◆ Data provided
----------------------------------------

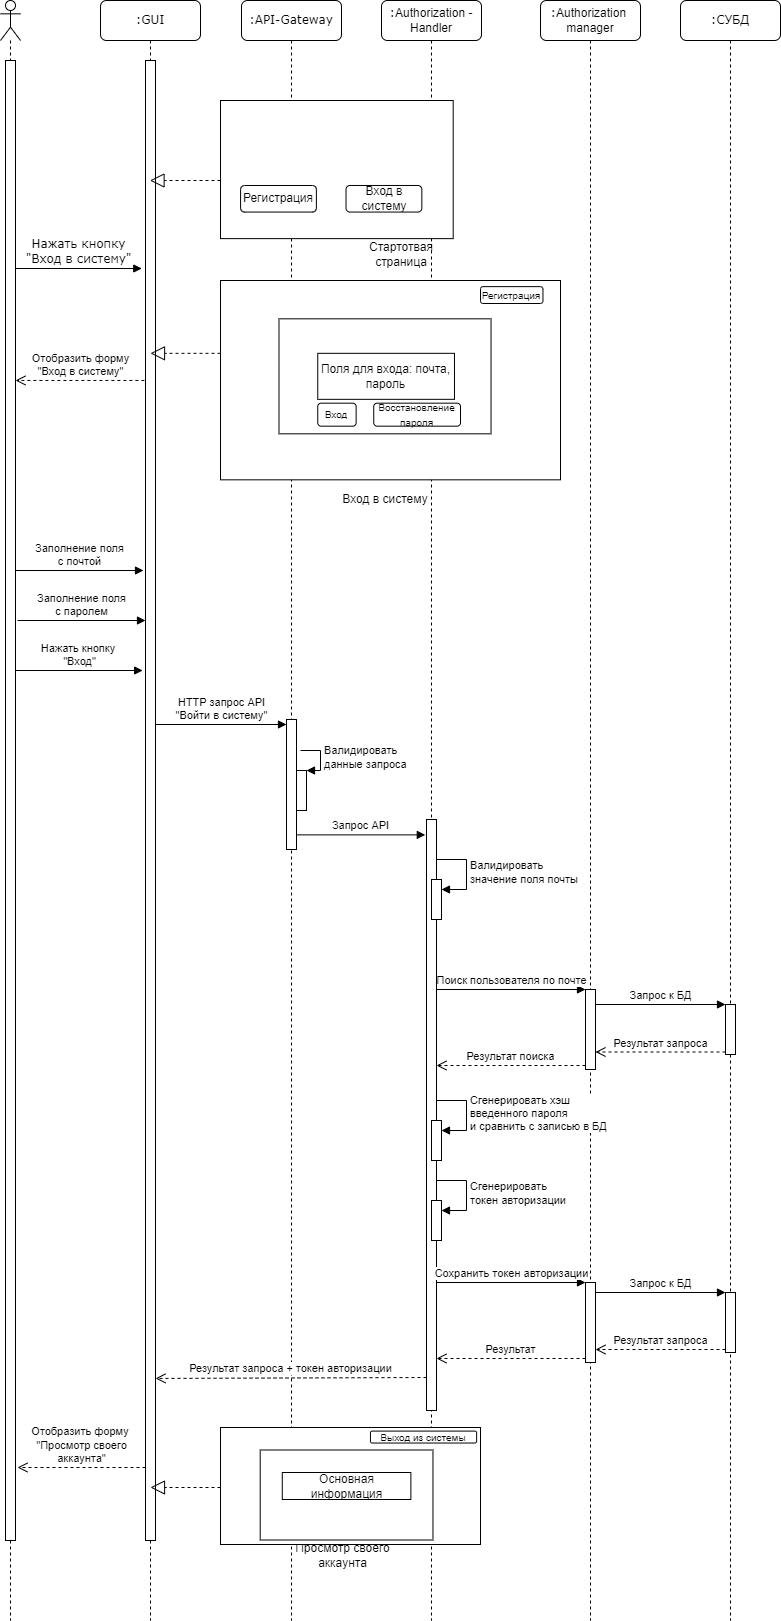

The diagram above was exported from draw.io. Its source (the exported page's mxGraphModel, read from the mxfile embedded in the PNG):
<mxGraphModel dx="1524" dy="867" grid="1" gridSize="10" guides="1" tooltips="1" connect="1" arrows="1" fold="1" page="1" pageScale="1" pageWidth="1100" pageHeight="850" background="none" math="0" shadow="0">
  <root>
    <mxCell id="0" />
    <mxCell id="1" parent="0" />
    <mxCell id="7baba1c4bc27f4b0-2" value=":GUI" style="shape=umlLifeline;perimeter=lifelinePerimeter;whiteSpace=wrap;html=1;container=1;collapsible=0;recursiveResize=0;outlineConnect=0;rounded=1;shadow=0;comic=0;labelBackgroundColor=none;strokeWidth=1;fontFamily=Verdana;fontSize=12;align=center;" parent="1" vertex="1">
      <mxGeometry x="240" y="80" width="100" height="1620" as="geometry" />
    </mxCell>
    <mxCell id="wwS38SLD4BhZDNM-s97V-25" value="" style="html=1;points=[];perimeter=orthogonalPerimeter;" parent="7baba1c4bc27f4b0-2" vertex="1">
      <mxGeometry x="45" y="60" width="10" height="1480" as="geometry" />
    </mxCell>
    <mxCell id="g-z1oCNefS3xPDmUXuDe-24" value="" style="endArrow=block;dashed=1;endFill=0;endSize=12;html=1;rounded=0;" parent="7baba1c4bc27f4b0-2" edge="1">
      <mxGeometry width="160" relative="1" as="geometry">
        <mxPoint x="120" y="352.83000000000004" as="sourcePoint" />
        <mxPoint x="50" y="352.83000000000004" as="targetPoint" />
      </mxGeometry>
    </mxCell>
    <mxCell id="pzZhPI_zYYtEiWxIK0eq-1" value="Заполнение поля &lt;br&gt;с паролем" style="html=1;verticalAlign=bottom;endArrow=block;rounded=0;entryX=-0.2;entryY=0.155;entryDx=0;entryDy=0;entryPerimeter=0;" parent="7baba1c4bc27f4b0-2" edge="1">
      <mxGeometry relative="1" as="geometry">
        <mxPoint x="-83" y="620.0000000000001" as="sourcePoint" />
        <mxPoint x="45" y="620.0000000000001" as="targetPoint" />
      </mxGeometry>
    </mxCell>
    <mxCell id="wwS38SLD4BhZDNM-s97V-33" value="Нажать кнопку&amp;nbsp;&lt;br&gt;&quot;Вход&quot;" style="html=1;verticalAlign=bottom;endArrow=block;rounded=0;entryX=-0.287;entryY=0.361;entryDx=0;entryDy=0;entryPerimeter=0;" parent="7baba1c4bc27f4b0-2" edge="1">
      <mxGeometry x="0.0029" width="80" relative="1" as="geometry">
        <mxPoint x="-85" y="670" as="sourcePoint" />
        <mxPoint x="42.13000000000011" y="670" as="targetPoint" />
        <mxPoint as="offset" />
      </mxGeometry>
    </mxCell>
    <mxCell id="7baba1c4bc27f4b0-4" value=":API-Gateway" style="shape=umlLifeline;perimeter=lifelinePerimeter;whiteSpace=wrap;html=1;container=1;collapsible=0;recursiveResize=0;outlineConnect=0;rounded=1;shadow=0;comic=0;labelBackgroundColor=none;strokeWidth=1;fontFamily=Verdana;fontSize=12;align=center;" parent="1" vertex="1">
      <mxGeometry x="381" y="80" width="100" height="1620" as="geometry" />
    </mxCell>
    <mxCell id="WZIY-89Z3sl6ZoVQuBjr-1" value="" style="html=1;points=[[0,0,0,0,5],[0,1,0,0,-5],[1,0,0,0,5],[1,1,0,0,-5]];perimeter=orthogonalPerimeter;outlineConnect=0;targetShapes=umlLifeline;portConstraint=eastwest;newEdgeStyle={&quot;curved&quot;:0,&quot;rounded&quot;:0};" parent="7baba1c4bc27f4b0-4" vertex="1">
      <mxGeometry x="45" y="719" width="10" height="130" as="geometry" />
    </mxCell>
    <mxCell id="g-z1oCNefS3xPDmUXuDe-4" value="" style="html=1;points=[];perimeter=orthogonalPerimeter;" parent="7baba1c4bc27f4b0-4" vertex="1">
      <mxGeometry x="55" y="770" width="10" height="40" as="geometry" />
    </mxCell>
    <mxCell id="g-z1oCNefS3xPDmUXuDe-5" value="Валидировать&lt;br&gt;данные запроса" style="edgeStyle=orthogonalEdgeStyle;html=1;align=left;spacingLeft=2;endArrow=block;rounded=0;entryX=1;entryY=0;exitX=1.4;exitY=0.125;exitDx=0;exitDy=0;exitPerimeter=0;" parent="7baba1c4bc27f4b0-4" target="g-z1oCNefS3xPDmUXuDe-4" edge="1">
      <mxGeometry relative="1" as="geometry">
        <mxPoint x="59" y="750" as="sourcePoint" />
        <Array as="points">
          <mxPoint x="79" y="750" />
          <mxPoint x="79" y="770" />
        </Array>
      </mxGeometry>
    </mxCell>
    <mxCell id="7baba1c4bc27f4b0-6" value=":&lt;span style=&quot;font-family: Helvetica;&quot;&gt;Authorization&amp;nbsp;&lt;/span&gt;&lt;br style=&quot;font-family: Helvetica;&quot;&gt;&lt;span style=&quot;font-family: Helvetica;&quot;&gt;manager&lt;/span&gt;" style="shape=umlLifeline;perimeter=lifelinePerimeter;whiteSpace=wrap;html=1;container=1;collapsible=0;recursiveResize=0;outlineConnect=0;rounded=1;shadow=0;comic=0;labelBackgroundColor=none;strokeWidth=1;fontFamily=Verdana;fontSize=12;align=center;" parent="1" vertex="1">
      <mxGeometry x="680" y="80" width="100" height="1620" as="geometry" />
    </mxCell>
    <mxCell id="wwS38SLD4BhZDNM-s97V-44" value="" style="html=1;points=[];perimeter=orthogonalPerimeter;" parent="7baba1c4bc27f4b0-6" vertex="1">
      <mxGeometry x="45" y="989" width="10" height="80" as="geometry" />
    </mxCell>
    <mxCell id="7baba1c4bc27f4b0-7" value=":СУБД" style="shape=umlLifeline;perimeter=lifelinePerimeter;whiteSpace=wrap;html=1;container=1;collapsible=0;recursiveResize=0;outlineConnect=0;rounded=1;shadow=0;comic=0;labelBackgroundColor=none;strokeWidth=1;fontFamily=Verdana;fontSize=12;align=center;" parent="1" vertex="1">
      <mxGeometry x="820" y="80" width="100" height="1620" as="geometry" />
    </mxCell>
    <mxCell id="wwS38SLD4BhZDNM-s97V-50" value="" style="html=1;points=[];perimeter=orthogonalPerimeter;" parent="7baba1c4bc27f4b0-7" vertex="1">
      <mxGeometry x="45" y="1004" width="10" height="50" as="geometry" />
    </mxCell>
    <mxCell id="7baba1c4bc27f4b0-11" value="Нажать кнопку &lt;br&gt;&quot;Вход в систему&quot;" style="html=1;verticalAlign=bottom;endArrow=block;labelBackgroundColor=none;fontFamily=Verdana;fontSize=12;edgeStyle=elbowEdgeStyle;elbow=vertical;entryX=-0.374;entryY=0.025;entryDx=0;entryDy=0;entryPerimeter=0;" parent="1" edge="1">
      <mxGeometry relative="1" as="geometry">
        <mxPoint x="155" y="348" as="sourcePoint" />
        <mxPoint x="281.25999999999976" y="348.5" as="targetPoint" />
      </mxGeometry>
    </mxCell>
    <mxCell id="wwS38SLD4BhZDNM-s97V-5" value="" style="shape=umlLifeline;participant=umlActor;perimeter=lifelinePerimeter;whiteSpace=wrap;html=1;container=1;collapsible=0;recursiveResize=0;verticalAlign=top;spacingTop=36;outlineConnect=0;" parent="1" vertex="1">
      <mxGeometry x="140" y="80" width="20" height="1620" as="geometry" />
    </mxCell>
    <mxCell id="wwS38SLD4BhZDNM-s97V-6" value="" style="html=1;points=[];perimeter=orthogonalPerimeter;" parent="wwS38SLD4BhZDNM-s97V-5" vertex="1">
      <mxGeometry x="5" y="60" width="10" height="1480" as="geometry" />
    </mxCell>
    <mxCell id="wwS38SLD4BhZDNM-s97V-8" value="Отобразить форму &lt;br&gt;&quot;Вход в систему&quot;" style="html=1;verticalAlign=bottom;endArrow=open;dashed=1;endSize=8;rounded=0;exitX=-0.113;exitY=0.058;exitDx=0;exitDy=0;exitPerimeter=0;" parent="1" edge="1">
      <mxGeometry relative="1" as="geometry">
        <mxPoint x="283.8699999999999" y="459.96000000000004" as="sourcePoint" />
        <mxPoint x="155" y="459.96000000000004" as="targetPoint" />
      </mxGeometry>
    </mxCell>
    <mxCell id="wwS38SLD4BhZDNM-s97V-14" value="Заполнение поля &lt;br&gt;с почтой" style="html=1;verticalAlign=bottom;endArrow=block;rounded=0;entryX=-0.2;entryY=0.155;entryDx=0;entryDy=0;entryPerimeter=0;" parent="1" edge="1">
      <mxGeometry relative="1" as="geometry">
        <mxPoint x="155" y="650.0000000000001" as="sourcePoint" />
        <mxPoint x="283" y="650.0000000000001" as="targetPoint" />
      </mxGeometry>
    </mxCell>
    <mxCell id="wwS38SLD4BhZDNM-s97V-38" value="HTTP запрос API&lt;div&gt;&quot;Войти в систему&quot;&lt;/div&gt;" style="html=1;verticalAlign=bottom;endArrow=block;entryX=0;entryY=0;rounded=0;entryDx=0;entryDy=5;entryPerimeter=0;" parent="1" target="WZIY-89Z3sl6ZoVQuBjr-1" edge="1">
      <mxGeometry relative="1" as="geometry">
        <mxPoint x="295" y="804" as="sourcePoint" />
      </mxGeometry>
    </mxCell>
    <mxCell id="wwS38SLD4BhZDNM-s97V-45" value="Поиск пользователя по почте" style="html=1;verticalAlign=bottom;endArrow=block;entryX=0;entryY=0;rounded=0;" parent="1" source="wwS38SLD4BhZDNM-s97V-37" target="wwS38SLD4BhZDNM-s97V-44" edge="1">
      <mxGeometry relative="1" as="geometry">
        <mxPoint x="795" y="1279" as="sourcePoint" />
      </mxGeometry>
    </mxCell>
    <mxCell id="wwS38SLD4BhZDNM-s97V-46" value="Результат поиска" style="html=1;verticalAlign=bottom;endArrow=open;dashed=1;endSize=8;exitX=0;exitY=0.95;rounded=0;" parent="1" source="wwS38SLD4BhZDNM-s97V-44" target="wwS38SLD4BhZDNM-s97V-37" edge="1">
      <mxGeometry relative="1" as="geometry">
        <mxPoint x="795" y="1355" as="targetPoint" />
      </mxGeometry>
    </mxCell>
    <mxCell id="wwS38SLD4BhZDNM-s97V-51" value="Запрос к БД" style="html=1;verticalAlign=bottom;endArrow=block;entryX=0;entryY=0;rounded=0;" parent="1" source="wwS38SLD4BhZDNM-s97V-44" target="wwS38SLD4BhZDNM-s97V-50" edge="1">
      <mxGeometry relative="1" as="geometry">
        <mxPoint x="814" y="1279" as="sourcePoint" />
      </mxGeometry>
    </mxCell>
    <mxCell id="wwS38SLD4BhZDNM-s97V-52" value="Результат запроса" style="html=1;verticalAlign=bottom;endArrow=open;dashed=1;endSize=8;exitX=0;exitY=0.95;rounded=0;" parent="1" source="wwS38SLD4BhZDNM-s97V-50" target="wwS38SLD4BhZDNM-s97V-44" edge="1">
      <mxGeometry relative="1" as="geometry">
        <mxPoint x="814" y="1355" as="targetPoint" />
      </mxGeometry>
    </mxCell>
    <mxCell id="g-z1oCNefS3xPDmUXuDe-1" value=":&lt;span style=&quot;font-family: Helvetica;&quot;&gt;Authorization -Handler&lt;/span&gt;" style="shape=umlLifeline;perimeter=lifelinePerimeter;whiteSpace=wrap;html=1;container=1;collapsible=0;recursiveResize=0;outlineConnect=0;rounded=1;shadow=0;comic=0;labelBackgroundColor=none;strokeWidth=1;fontFamily=Verdana;fontSize=12;align=center;" parent="1" vertex="1">
      <mxGeometry x="521" y="80" width="100" height="1620" as="geometry" />
    </mxCell>
    <mxCell id="wwS38SLD4BhZDNM-s97V-37" value="" style="html=1;points=[];perimeter=orthogonalPerimeter;" parent="g-z1oCNefS3xPDmUXuDe-1" vertex="1">
      <mxGeometry x="45" y="819" width="10" height="591" as="geometry" />
    </mxCell>
    <mxCell id="WZIY-89Z3sl6ZoVQuBjr-8" value="" style="html=1;points=[[0,0,0,0,5],[0,1,0,0,-5],[1,0,0,0,5],[1,1,0,0,-5]];perimeter=orthogonalPerimeter;outlineConnect=0;targetShapes=umlLifeline;portConstraint=eastwest;newEdgeStyle={&quot;curved&quot;:0,&quot;rounded&quot;:0};" parent="g-z1oCNefS3xPDmUXuDe-1" vertex="1">
      <mxGeometry x="50" y="879" width="10" height="40" as="geometry" />
    </mxCell>
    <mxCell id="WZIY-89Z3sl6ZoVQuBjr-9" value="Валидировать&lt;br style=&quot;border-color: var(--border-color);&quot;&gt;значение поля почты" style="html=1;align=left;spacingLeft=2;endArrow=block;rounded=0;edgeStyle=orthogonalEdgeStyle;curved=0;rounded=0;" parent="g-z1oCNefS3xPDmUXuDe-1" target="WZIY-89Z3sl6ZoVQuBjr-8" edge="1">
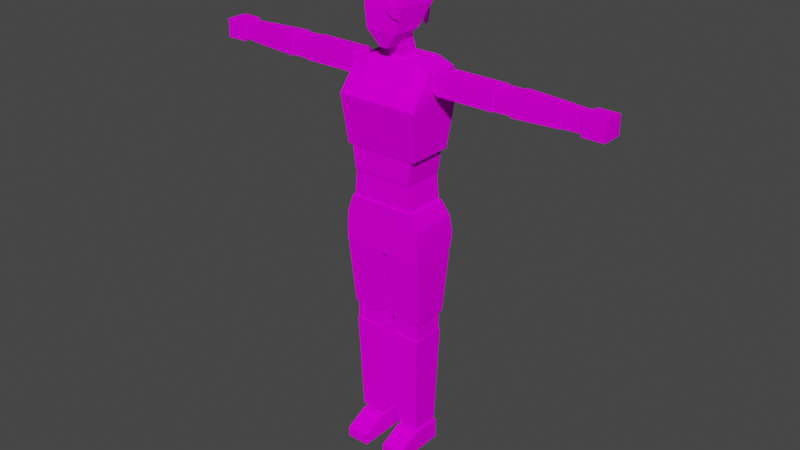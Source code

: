 # Source: model-character-allie-npc-oracle.blend  (saved by Blender 3.1.7; exported with 4.5.12 LTS)
import bpy
from mathutils import Matrix  # noqa: F401  (used for matrix-valued properties, if any)

bpy.ops.wm.read_factory_settings(use_empty=True)
scene = bpy.context.scene
scene.name = 'Scene'

# ---- collections
col_collection = bpy.data.collections.new('Collection'); scene.collection.children.link(col_collection)

# ---- images (referenced by path relative to the original .blend; pixels are not part of the script)
import os
ASSET_DIR = os.environ.get("B2B_ASSET_DIR", "")  # directory of the original .blend (textures are referenced by path, not embedded)
HERE = os.path.dirname(os.path.abspath(__file__))  # packed textures are extracted next to this script under _unpacked/

def load_image(name, relpath, width, height, colorspace="sRGB"):
    """Load a texture the original file referenced (path relative to the .blend, or extracted next to this script)."""
    p = next((c for c in (os.path.join(HERE, relpath), os.path.join(ASSET_DIR, relpath)) if relpath and os.path.exists(c)), "")
    if p:
        img = bpy.data.images.load(p, check_existing=True)
        img.name = name
    else:  # same state as the original file: an image datablock whose file is absent (Cycles renders it pink)
        img = bpy.data.images.new(name, width, height)
        img.source = "FILE"
        img.filepath = "//" + (relpath or name)
    img.colorspace_settings.name = colorspace
    return img
img_body_texture = load_image('body texture', 'texture-character-allie-npc-oracle-body.tga', 1024, 1024, 'sRGB')
img_up_cloth_texture = load_image('up cloth texture', 'texture-character-allie-npc-oracle-up-cloth.tga', 1024, 1024, 'sRGB')
img_middle_cloth_texture = load_image('middle cloth texture', 'texture-character-allie-npc-oracle-middle-cloth.tga', 1024, 1024, 'sRGB')
img_hair_texture = load_image('hair texture', 'texture-character-allie-npc-oracle-hair.tga', 1024, 1024, 'sRGB')
img_hair_ponytail_texture = load_image('hair ponytail texture', 'texture-character-allie-npc-oracle-hair-ponytail.tga', 1024, 1024, 'sRGB')

# ---- materials (node trees are filled in below, after node groups)
mat_material_body = bpy.data.materials.new('material_body')
mat_material_body.use_transparent_shadow = False
mat_material_up_cloth = bpy.data.materials.new('material_up_cloth')
mat_material_up_cloth.use_transparent_shadow = False
mat_material_middle_cloth = bpy.data.materials.new('material_middle_cloth')
mat_material_middle_cloth.use_transparent_shadow = False
mat_material_hair = bpy.data.materials.new('material_hair')
mat_material_hair.use_transparent_shadow = False
mat_material_ponytail = bpy.data.materials.new('material_ponytail')
mat_material_ponytail.use_transparent_shadow = False

# ---- node groups
ng_auto_smooth = bpy.data.node_groups.new('Auto Smooth', 'GeometryNodeTree')
_s = ng_auto_smooth.interface.new_socket(name='Geometry', in_out='OUTPUT', socket_type='NodeSocketGeometry')
_s = ng_auto_smooth.interface.new_socket(name='Geometry', in_out='INPUT', socket_type='NodeSocketGeometry')
_s = ng_auto_smooth.interface.new_socket(name='Angle', in_out='INPUT', socket_type='NodeSocketFloat')
_s.subtype = 'ANGLE'
_s.min_value = 0.0
_s.max_value = 3.142
ng_auto_smooth.is_modifier = True
_N = ng_auto_smooth.nodes; _L = ng_auto_smooth.links
n0 = _N.new('NodeGroupOutput'); n0.name = 'Group Output'; n0.location = (480, -100)
n1 = _N.new('NodeGroupInput'); n1.name = 'Group Input'; n1.location = (-420, -300)
n2 = _N.new('NodeGroupInput'); n2.name = 'Group Input.001'; n2.location = (-60, -100)
n3 = _N.new('GeometryNodeSetShadeSmooth'); n3.name = 'Set Shade Smooth'; n3.location = (120, -100)
n3.domain = 'EDGE'
n4 = _N.new('GeometryNodeSetShadeSmooth'); n4.name = 'Set Shade Smooth.001'; n4.location = (300, -100)
n5 = _N.new('GeometryNodeInputMeshEdgeAngle'); n5.name = 'Edge Angle'; n5.location = (-420, -220)
n6 = _N.new('GeometryNodeInputEdgeSmooth'); n6.name = 'Is Edge Smooth'; n6.location = (-60, -160)
n7 = _N.new('GeometryNodeInputShadeSmooth'); n7.name = 'Is Face Smooth'; n7.location = (-240, -340)
n8 = _N.new('FunctionNodeBooleanMath'); n8.name = 'Boolean Math'; n8.location = (-60, -220)
n9 = _N.new('FunctionNodeCompare'); n9.name = 'Compare'; n9.location = (-240, -180)
n9.operation = 'LESS_EQUAL'
_L.new(n5.outputs[0], n9.inputs[0])
_L.new(n4.outputs[0], n0.inputs[0])
_L.new(n1.outputs[1], n9.inputs[1])
_L.new(n9.outputs[0], n8.inputs[0])
_L.new(n7.outputs[0], n8.inputs[1])
_L.new(n2.outputs[0], n3.inputs[0])
_L.new(n6.outputs[0], n3.inputs[1])
_L.new(n3.outputs[0], n4.inputs[0])
_L.new(n8.outputs[0], n3.inputs[2])
n0.is_active_output = True

# ---- material node trees
mat_material_body.use_nodes = True; mat_material_body.node_tree.nodes.clear()
_N = mat_material_body.node_tree.nodes; _L = mat_material_body.node_tree.links
n0 = _N.new('ShaderNodeBsdfPrincipled'); n0.name = 'Principled BSDF'; n0.location = (10, 300)
n0.distribution = 'GGX'
n0.subsurface_method = 'RANDOM_WALK_SKIN'
n0.inputs[3].default_value = 1.45
n0.inputs[13].default_value = 0.0
n0.inputs[27].default_value = (0.0, 0.0, 0.0, 1.0)
n0.inputs[28].default_value = 1.0
n1 = _N.new('ShaderNodeOutputMaterial'); n1.name = 'Material Output'; n1.location = (300, 300)
n2 = _N.new('ShaderNodeTexImage'); n2.name = 'Image Texture'; n2.location = (-280, 280)
n2.image = img_body_texture
_L.new(n0.outputs[0], n1.inputs[0])
_L.new(n2.outputs[0], n0.inputs[0])
n1.is_active_output = True
mat_material_up_cloth.use_nodes = True; mat_material_up_cloth.node_tree.nodes.clear()
_N = mat_material_up_cloth.node_tree.nodes; _L = mat_material_up_cloth.node_tree.links
n0 = _N.new('ShaderNodeBsdfPrincipled'); n0.name = 'Principled BSDF'; n0.location = (10, 300)
n0.distribution = 'GGX'
n0.subsurface_method = 'RANDOM_WALK_SKIN'
n0.inputs[3].default_value = 1.45
n0.inputs[13].default_value = 0.0
n0.inputs[27].default_value = (0.0, 0.0, 0.0, 1.0)
n0.inputs[28].default_value = 1.0
n1 = _N.new('ShaderNodeOutputMaterial'); n1.name = 'Material Output'; n1.location = (300, 300)
n2 = _N.new('ShaderNodeTexImage'); n2.name = 'Image Texture'; n2.location = (-280, 280)
n2.image = img_up_cloth_texture
_L.new(n0.outputs[0], n1.inputs[0])
_L.new(n2.outputs[0], n0.inputs[0])
n1.is_active_output = True
mat_material_middle_cloth.use_nodes = True; mat_material_middle_cloth.node_tree.nodes.clear()
_N = mat_material_middle_cloth.node_tree.nodes; _L = mat_material_middle_cloth.node_tree.links
n0 = _N.new('ShaderNodeBsdfPrincipled'); n0.name = 'Principled BSDF'; n0.location = (10, 300)
n0.distribution = 'GGX'
n0.subsurface_method = 'RANDOM_WALK_SKIN'
n0.inputs[3].default_value = 1.45
n0.inputs[13].default_value = 0.0
n0.inputs[27].default_value = (0.0, 0.0, 0.0, 1.0)
n0.inputs[28].default_value = 1.0
n1 = _N.new('ShaderNodeOutputMaterial'); n1.name = 'Material Output'; n1.location = (300, 300)
n2 = _N.new('ShaderNodeTexImage'); n2.name = 'Image Texture'; n2.location = (-280, 280)
n2.image = img_middle_cloth_texture
_L.new(n0.outputs[0], n1.inputs[0])
_L.new(n2.outputs[0], n0.inputs[0])
n1.is_active_output = True
mat_material_hair.use_nodes = True; mat_material_hair.node_tree.nodes.clear()
_N = mat_material_hair.node_tree.nodes; _L = mat_material_hair.node_tree.links
n0 = _N.new('ShaderNodeBsdfPrincipled'); n0.name = 'Principled BSDF'; n0.location = (10, 300)
n0.distribution = 'GGX'
n0.subsurface_method = 'RANDOM_WALK_SKIN'
n0.inputs[3].default_value = 1.45
n0.inputs[13].default_value = 0.0
n0.inputs[27].default_value = (0.0, 0.0, 0.0, 1.0)
n0.inputs[28].default_value = 1.0
n1 = _N.new('ShaderNodeOutputMaterial'); n1.name = 'Material Output'; n1.location = (300, 300)
n2 = _N.new('ShaderNodeTexImage'); n2.name = 'Image Texture'; n2.location = (-280, 280)
n2.image = img_hair_texture
_L.new(n0.outputs[0], n1.inputs[0])
_L.new(n2.outputs[0], n0.inputs[0])
n1.is_active_output = True
mat_material_ponytail.use_nodes = True; mat_material_ponytail.node_tree.nodes.clear()
_N = mat_material_ponytail.node_tree.nodes; _L = mat_material_ponytail.node_tree.links
n0 = _N.new('ShaderNodeBsdfPrincipled'); n0.name = 'Principled BSDF'; n0.location = (10, 300)
n0.distribution = 'GGX'
n0.subsurface_method = 'RANDOM_WALK_SKIN'
n0.inputs[3].default_value = 1.45
n0.inputs[13].default_value = 0.0
n0.inputs[27].default_value = (0.0, 0.0, 0.0, 1.0)
n0.inputs[28].default_value = 1.0
n1 = _N.new('ShaderNodeOutputMaterial'); n1.name = 'Material Output'; n1.location = (300, 300)
n2 = _N.new('ShaderNodeTexImage'); n2.name = 'Image Texture'; n2.location = (-280, 280)
n2.image = img_hair_ponytail_texture
_L.new(n0.outputs[0], n1.inputs[0])
_L.new(n2.outputs[0], n0.inputs[0])
n1.is_active_output = True

# ---- world
world_world = bpy.data.worlds.new('World'); scene.world = world_world
world_world.use_nodes = True; world_world.node_tree.nodes.clear()
_N = world_world.node_tree.nodes; _L = world_world.node_tree.links
n0 = _N.new('ShaderNodeOutputWorld'); n0.name = 'World Output'; n0.location = (300, 300)
n1 = _N.new('ShaderNodeBackground'); n1.name = 'Background'; n1.location = (10, 300)
n1.inputs[0].default_value = (0.05088, 0.05088, 0.05088, 1.0)
_L.new(n1.outputs[0], n0.inputs[0])
n0.is_active_output = True
world_world.color = (0.05088, 0.05088, 0.05088)
world_world.use_sun_shadow = False
world_world.sun_shadow_jitter_overblur = 0.0

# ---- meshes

----------------------------------------

Lines of the listing above that contain the word "scene" should all be returned.

scene = bpy.context.scene
scene.name = 'Scene'
col_collection = bpy.data.collections.new('Collection'); scene.collection.children.link(col_collection)
world_world = bpy.data.worlds.new('World'); scene.world = world_world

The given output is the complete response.